Lastly, Be exhorted to believe this great truth; and believe it so, as you may prepare for its judgment betimes. Set up a secret tribunal in your own breasts, and often call yourselves to an account there. Make the Judge your friend in time, by closing with him in the offer of the gospel; and give all diligence, that ye may be found in

Christ at that day. Cast off the works of darkness, and live, as believing you are, at all times, and in all places, under the eye of your Judge, who will bring every work into judgment, with every secret thing. Be fruitful in good works, knowing that as ye sow, ye shall reap. Study piety towards God, righteousness and charity towards men. Lay up in store plenty of works of charity and mercy, towards them who are in distress, especially such as are of the household of faith, that they may be produced that day as evidences, that ye belong to Christ. Shut not up your bowels of mercy, now, towards the needy; lest ye, then, find no mercy. Take heed, that in all your works, ye be single and sincere; aiming, in them all, at the glory of your Lord, a testimony of your love to him, and obedience to his command. Leave it to hypocrites, who have their reward, to proclaim every man his own goodness, and to sound a trumpet, when they do their alms. It is a base and unchristian spirit, which cannot have satisfaction in a good work, unless it be exposed to the view of others; i is utterly unworthy of one who believes that the last trumpet shall call together the whole world; before whom the Judge himself shall publish works truly good, how secretly soever they were done. Live in a believing expectation of the coming of the Lord. Let your loins be always girt and your lamps burning; so when he comes, whether in the last day of your life, or in the last day of the world, ye shall be able to say with joy, Lo, this is our God, and we have waited for him.

HEAD V.

THE KINGDOM OF HEAVEN.

MAT. XXV. 34.

Then shall the King say unto them on his right hand, Come ye blessed of my Father, inherit the kingdom prepared for you from the foundation of the world.

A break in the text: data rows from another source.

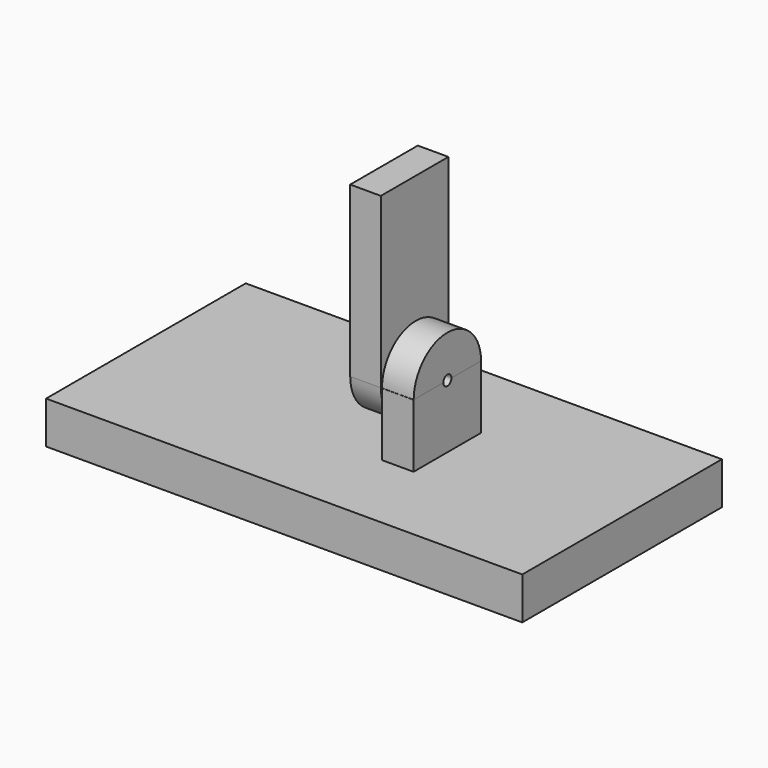
from build123d import *

# Parameters (mm, degrees)
F0_W      = 45.1033711433
F0_H      = 23.637060076
F1_DEPTH  = 4
F2_W      = 3
F2_H      = 8
F3_DEPTH  = 6
F5_DEPTH  = 3
F6_DEPTH  = 4
F7_W      = 2.9
F7_H      = 16
F8_DEPTH  = 8
F10_DEPTH = 2.9
F11_DEPTH = 9


with BuildPart() as f1:
    # F0 (on Top) → F1 (new body)
    with BuildSketch(Plane.XY):
        Rectangle(F0_W, F0_H)
    extrude(amount=F1_DEPTH)

    # F2 (on face) → F3 (join)
    with BuildSketch(Plane.XY.offset(4)):
        with Locations((4.5, 0)):
            Rectangle(F2_W, F2_H)
    extrude(amount=F3_DEPTH)

    # F4 (on face) → F6 (cut)
    with BuildSketch(Plane.YZ.offset(6)):
        with BuildLine():
            ThreePointArc((-0.4757382244, 10), (0, 9.5242617756), (0.4757382244, 10))
            Line((0.4757382244, 10), (-0.4757382244, 10))
        make_face()
    extrude(amount=-F6_DEPTH, mode=Mode.SUBTRACT)


with BuildPart() as f5:
    # F4 (on face) → F5 (new body)
    with BuildSketch(Plane.YZ.offset(6)):
        with BuildLine():
            Line((0.4757382244, 10), (3.9853850795, 10))
            ThreePointArc((3.9853850795, 10), (0, 13.9853850795), (-3.9853850795, 10))
            Line((-3.9853850795, 10), (-0.4757382244, 10))
            ThreePointArc((-0.4757382244, 10), (0, 10.4757382244), (0.4757382244, 10))
        make_face()
    extrude(amount=-F5_DEPTH)


with BuildPart() as f8:
    # F7 (on face) → F8 (new body)
    with BuildSketch(Plane.XZ.offset(4)):
        with Locations((1.45, 18)):
            Rectangle(F7_W, F7_H)
    extrude(amount=-F8_DEPTH)

    # F9 (on face) → F10 (join)
    with BuildSketch(Plane(origin=(0, 0, 0), x_dir=(0, -1, 0), z_dir=(-1, 0, 0))):
        with BuildLine():
            Line((0.7107497932, 10), (4, 10))
            ThreePointArc((4, 10), (0, 14), (-4, 10))
            Line((-4, 10), (-0.7107497932, 10))
            ThreePointArc((-0.7107497932, 10), (0, 10.7107497932), (0.7107497932, 10))
        make_face()
        with BuildLine():
            ThreePointArc((-4, 10), (0, 6), (4, 10))
            Line((4, 10), (0.7107497932, 10))
            ThreePointArc((0.7107497932, 10), (0, 9.2892502068), (-0.7107497932, 10))
            Line((-0.7107497932, 10), (-4, 10))
        make_face()
    extrude(amount=-F10_DEPTH)

    # F9 (on face) → F11 (cut)
    with BuildSketch(Plane(origin=(0, 0, 0), x_dir=(0, -1, 0), z_dir=(-1, 0, 0))):
        with BuildLine():
            ThreePointArc((-0.7107497932, 10), (0, 9.2892502068), (0.7107497932, 10))
            Line((0.7107497932, 10), (-0.7107497932, 10))
        make_face()
        with BuildLine():
            Line((-0.7107497932, 10), (0.7107497932, 10))
            ThreePointArc((0.7107497932, 10), (0, 10.7107497932), (-0.7107497932, 10))
        make_face()
    extrude(amount=-F11_DEPTH, mode=Mode.SUBTRACT)


solid = Compound([f1.part, f5.part, f8.part])

AVING, from this portion of Scripture, which the

text is a part of, discoursed of the general judgment; and being to speak of the everlasting happiness of the saints, and the everlasting misery of the wicked, from the respective sentences to be pronounced upon them in the great day; I shall take them in the order wherein they lie before us; the rather, that a sentence is first past upon the righteous, so the execution thereof is first begun, though possibly the other may be fully executed before it be completed.

The words of the text contain the joyful sentence itself, together with an historical introduction thereto, which gives us an account of the Judge pronouncing the sentence; the King, Jesus Christ; the parties on whom it is given, them on his right hand; and the time when, then, as soon as the trial is over. Of these I have spoken already. It is the sentence itself we are now to consider, Come ye blessed of my Father, &c. Stand a-back, O ye profane goats; have away all unregenerate souls, not united to Jesus Christ; this is not for you. Come, O ye saints, brought out of your natural state, into the state of grace; behold here the state of glory awaiting you. Here is glory let down to us in words and syllables; a looking-glass, in which you may see your everlasting happiness; a scheme

(or draught) of Christ's Father's house, wherein there are many mansions.

This glorious sentence bears two things. (1.) The complete happiness to which the saints are adjudged, the kingdom. (2.) Their solemn admission to it, "Come ye blessed of my Father, inherit," &c. First, their complete happiness is a kingdom. A kingdom is the top of worldly felicity; there is nothing on earth greater than a kingdom; therefore the hidden weight of glory in heaven, is held forth to us under that notion. But it is not an ordinary kingdom, it is the kingdom; the kingdom of heaven, surpassing all the kingdoms of the earth in glory, honour, profit and pleasure, infinitely. more than they do in these excel the low and inglorious condition of a beegar in rags and on a dunghill. Secondly, There is a solemn admission of the saints into this their kingdom, "Come ye, inherit the kingdom." In the view of angels, men and devils, they are invested with royalty, and solemnly inaugurated before the whole world, by Jesus Christ the heir of all things, who hath all power in heaven and in earth. Their right to the kingdom is solemnly recognized and owned! They are admitted to it, as undoubted heirs of the kingdom, to possess it by inheritance or lot, as the word properly significs; because of old, inheritances were designed by lot, as Canaan to Israel, God's first-born, as they are called, Exod. iv. 22. And because this kingdom is the Father's kingdom, therefore they are openly acknowledged in their admission to it, to be the blessed of Christ's Father; the which blessing was given them long before this sentence, but is now solemnly recognized and confirmed to them by the Mediator, in his Father's name. It is observable, he says not, Ye blessed of the Father; but, Ye blessed of my Father; to shew us, that all blessings are derived upon us from the Father, the fountain of blessing, as he is the God and Father of our Lord Jesus Christ, through whom we are blessed, Eph. i. 3. And finally they are admitted to this kingdom, as that which was prepared for them, from the foundation of the world, in God's eternal purpose, before they, or any of them were; that all the world may see eternal life to be the free gift of

God.

DOCTRINE.

The Saints shall be made completely happy, in the Possession of the Kingdom of Heaven.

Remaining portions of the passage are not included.